Huaiyin District (槐荫区 (槐蔭區, Huáiyìn Qū)) is one of 10 urban districts of the prefecture-level city of Jinan, the capital of Shandong Province, East China, forming part of the city's urban core. It borders the districts of Tianqiao to the northeast, Shizhong to the southeast, and Changqing to the southwest, as well as the prefecture-level city of Dezhou to the northwest.
== History ==
Before the Ming dynasty, the present Huaiyin District was a rural area outside of old citywall of Jinan. It consisted primarily of a cluster of villages centered around Panlongzhuang. During the reign of Wanli Emperor (1573), it was renamed Village of Da Huaishu ('Village of Great Pagoda Tree'). After the establishment of the international commercial area in Jinan in 1904 near the end of the Qing dynasty, the area gradually developed into an urban residential district. In 1955, it was officially designated as Huaiyin District; Huaiyin literally means 'shade of pagoda tree'.

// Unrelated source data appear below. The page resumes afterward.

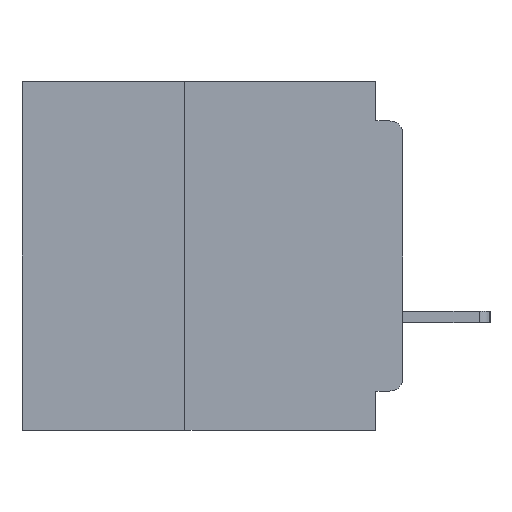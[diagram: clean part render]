
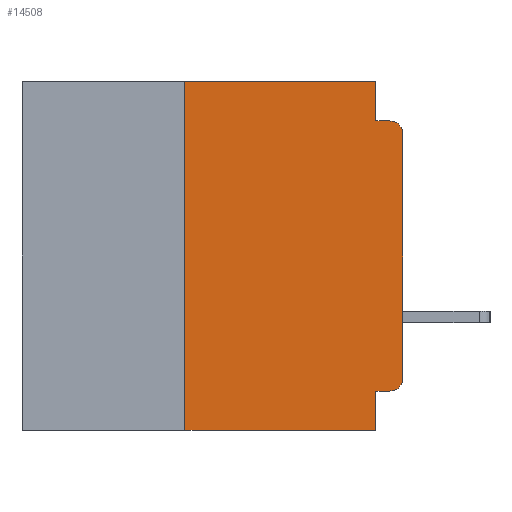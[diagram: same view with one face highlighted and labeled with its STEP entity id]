
A CAD part, left-side view. The second image highlights one B-rep face of the part: STEP entity #14508.
In plain terms, the highlighted planar face has unit normal (-1, 0, 0).
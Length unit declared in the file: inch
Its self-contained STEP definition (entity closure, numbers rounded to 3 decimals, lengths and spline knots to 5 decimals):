
#807 = LINE ( 'NONE', #15510, #8004 ) ;
#937 = DIRECTION ( 'NONE',  ( 0., 0., -1. ) ) ;
#1207 = VERTEX_POINT ( 'NONE', #31090 ) ;
#2018 = DIRECTION ( 'NONE',  ( -1., 0., 0. ) ) ;
#3202 = CARTESIAN_POINT ( 'NONE',  ( 0., 0.437, -0.4 ) ) ;
#4112 = VERTEX_POINT ( 'NONE', #38319 ) ;
#6256 = VERTEX_POINT ( 'NONE', #25473 ) ;
#6343 = VECTOR ( 'NONE', #10970, 39.37008 ) ;
#8004 = VECTOR ( 'NONE', #24529, 39.37008 ) ;
#8259 = CARTESIAN_POINT ( 'NONE',  ( 0., 0., -0.34 ) ) ;
#9982 = CARTESIAN_POINT ( 'NONE',  ( 0., 0.031, -0.4 ) ) ;
#10321 = CIRCLE ( 'NONE', #24312, 0.015 ) ;
#10970 = DIRECTION ( 'NONE',  ( 0., 0., 1. ) ) ;
#11073 = EDGE_LOOP ( 'NONE', ( #35864, #30890, #12116, #34209, #16765, #13358, #33072, #33128, #31423, #36283 ) ) ;
#11744 = AXIS2_PLACEMENT_3D ( 'NONE', #13824, #34931, #16840 ) ;
#12116 = ORIENTED_EDGE ( 'NONE', *, *, #28642, .F. ) ;
#12729 = CARTESIAN_POINT ( 'NONE',  ( 0., 0.031, -0.4 ) ) ;
#13358 = ORIENTED_EDGE ( 'NONE', *, *, #20521, .F. ) ;
#13465 = VECTOR ( 'NONE', #937, 39.37008 ) ;
#13591 = FACE_OUTER_BOUND ( 'NONE', #11073, .T. ) ;
#13824 = CARTESIAN_POINT ( 'NONE',  ( 0., 0.015, -0.06 ) ) ;
#13957 = CARTESIAN_POINT ( 'NONE',  ( 0., 0.437, 0. ) ) ;
#14490 = EDGE_CURVE ( 'NONE', #4112, #20742, #14556, .T. ) ;
#14508 = ADVANCED_FACE ( 'NONE', ( #13591 ), #31995, .F. ) ;
#14556 = CIRCLE ( 'NONE', #11744, 0.015 ) ;
#14987 = CARTESIAN_POINT ( 'NONE',  ( 0., 0., -0.045 ) ) ;
#15355 = LINE ( 'NONE', #27902, #22372 ) ;
#15359 = DIRECTION ( 'NONE',  ( 0., -1., 0. ) ) ;
#15510 = CARTESIAN_POINT ( 'NONE',  ( 0., 0.437, 0. ) ) ;
#16259 = CARTESIAN_POINT ( 'NONE',  ( 0., 0.25, -0.4 ) ) ;
#16513 = CARTESIAN_POINT ( 'NONE',  ( 0., 0.25, -0.4 ) ) ;
#16765 = ORIENTED_EDGE ( 'NONE', *, *, #21537, .F. ) ;
#16840 = DIRECTION ( 'NONE',  ( 0., 0., -1. ) ) ;
#16976 = DIRECTION ( 'NONE',  ( 1., 0., 0. ) ) ;
#17308 = CARTESIAN_POINT ( 'NONE',  ( 0., 0.031, -0.045 ) ) ;
#19639 = VECTOR ( 'NONE', #24025, 39.37008 ) ;
#20047 = LINE ( 'NONE', #3202, #27130 ) ;
#20097 = CARTESIAN_POINT ( 'NONE',  ( 0., 0.015, -0.34 ) ) ;
#20521 = EDGE_CURVE ( 'NONE', #35660, #22473, #22618, .T. ) ;
#20742 = VERTEX_POINT ( 'NONE', #26613 ) ;
#21436 = LINE ( 'NONE', #9982, #13465 ) ;
#21537 = EDGE_CURVE ( 'NONE', #22473, #1207, #807, .T. ) ;
#21683 = VECTOR ( 'NONE', #22375, 39.37008 ) ;
#21810 = AXIS2_PLACEMENT_3D ( 'NONE', #13957, #16976, #38056 ) ;
#21916 = VERTEX_POINT ( 'NONE', #17308 ) ;
#22306 = LINE ( 'NONE', #23038, #6343 ) ;
#22372 = VECTOR ( 'NONE', #33972, 39.37008 ) ;
#22375 = DIRECTION ( 'NONE',  ( 0., 0., 1. ) ) ;
#22473 = VERTEX_POINT ( 'NONE', #33146 ) ;
#22618 = LINE ( 'NONE', #16513, #21683 ) ;
#23038 = CARTESIAN_POINT ( 'NONE',  ( 0., 0., 0. ) ) ;
#23102 = DIRECTION ( 'NONE',  ( 0., 0., -1. ) ) ;
#23864 = VERTEX_POINT ( 'NONE', #12729 ) ;
#23886 = EDGE_CURVE ( 'NONE', #6256, #35318, #15355, .T. ) ;
#23902 = EDGE_CURVE ( 'NONE', #35318, #23864, #21436, .T. ) ;
#24025 = DIRECTION ( 'NONE',  ( 0., -1., 0. ) ) ;
#24312 = AXIS2_PLACEMENT_3D ( 'NONE', #20097, #2018, #23102 ) ;
#24529 = DIRECTION ( 'NONE',  ( 0., -1., 0. ) ) ;
#24770 = EDGE_CURVE ( 'NONE', #35270, #4112, #22306, .T. ) ;
#25473 = CARTESIAN_POINT ( 'NONE',  ( 0., 0.015, -0.355 ) ) ;
#26613 = CARTESIAN_POINT ( 'NONE',  ( 0., 0.015, -0.045 ) ) ;
#27017 = CARTESIAN_POINT ( 'NONE',  ( 0., 0.031, 0. ) ) ;
#27130 = VECTOR ( 'NONE', #15359, 39.37008 ) ;
#27474 = LINE ( 'NONE', #27017, #37380 ) ;
#27902 = CARTESIAN_POINT ( 'NONE',  ( 0., 0., -0.355 ) ) ;
#28642 = EDGE_CURVE ( 'NONE', #21916, #20742, #37587, .T. ) ;
#30069 = DIRECTION ( 'NONE',  ( 0., 0., -1. ) ) ;
#30890 = ORIENTED_EDGE ( 'NONE', *, *, #14490, .T. ) ;
#31090 = CARTESIAN_POINT ( 'NONE',  ( 0., 0.031, 0. ) ) ;
#31423 = ORIENTED_EDGE ( 'NONE', *, *, #23886, .F. ) ;
#31995 = PLANE ( 'NONE',  #21810 ) ;
#32469 = CARTESIAN_POINT ( 'NONE',  ( 0., 0.031, -0.355 ) ) ;
#33072 = ORIENTED_EDGE ( 'NONE', *, *, #38806, .T. ) ;
#33128 = ORIENTED_EDGE ( 'NONE', *, *, #23902, .F. ) ;
#33146 = CARTESIAN_POINT ( 'NONE',  ( 0., 0.25, 0. ) ) ;
#33377 = EDGE_CURVE ( 'NONE', #1207, #21916, #27474, .T. ) ;
#33972 = DIRECTION ( 'NONE',  ( 0., 1., 0. ) ) ;
#34209 = ORIENTED_EDGE ( 'NONE', *, *, #33377, .F. ) ;
#34931 = DIRECTION ( 'NONE',  ( -1., 0., 0. ) ) ;
#35270 = VERTEX_POINT ( 'NONE', #8259 ) ;
#35318 = VERTEX_POINT ( 'NONE', #32469 ) ;
#35660 = VERTEX_POINT ( 'NONE', #16259 ) ;
#35864 = ORIENTED_EDGE ( 'NONE', *, *, #24770, .T. ) ;
#36283 = ORIENTED_EDGE ( 'NONE', *, *, #36464, .T. ) ;
#36464 = EDGE_CURVE ( 'NONE', #6256, #35270, #10321, .T. ) ;
#37380 = VECTOR ( 'NONE', #30069, 39.37008 ) ;
#37587 = LINE ( 'NONE', #14987, #19639 ) ;
#38056 = DIRECTION ( 'NONE',  ( 0., 0., -1. ) ) ;
#38319 = CARTESIAN_POINT ( 'NONE',  ( 0., 0., -0.06 ) ) ;
#38806 = EDGE_CURVE ( 'NONE', #35660, #23864, #20047, .T. ) ;

==Administrative divisions==
As of 2012, this district is divided to 12 subdistricts and 2 towns.
- Subdistricts

- Zhenxingjie Subdistrict (振兴街街道)
- Zhongdahuaishu Subdistrict (中大槐树街道)
- Daodejie Subdistrict (道德街街道)
- Xishichang Subdistrict (西市场街道)
- Wuligou Subdistrict (五里沟街道)
- Yingshijie Subdistrict (营市街街道)
- Qingniangongyuan Subdistrict (青年公园街道)
- Nanxinzhuang Subdistrict (南辛庄街道)
- Duandianbeilu Subdistrict (段店北路街道)
- Zhangzhuanglu Subdistrict (张庄路街道)
- Kuangshan Subdistrict (匡山街道)
- Meilihu Subdistrict (美里湖街道)

- Towns
- Wujiabao (吴家堡镇)
- Duandian (段店镇)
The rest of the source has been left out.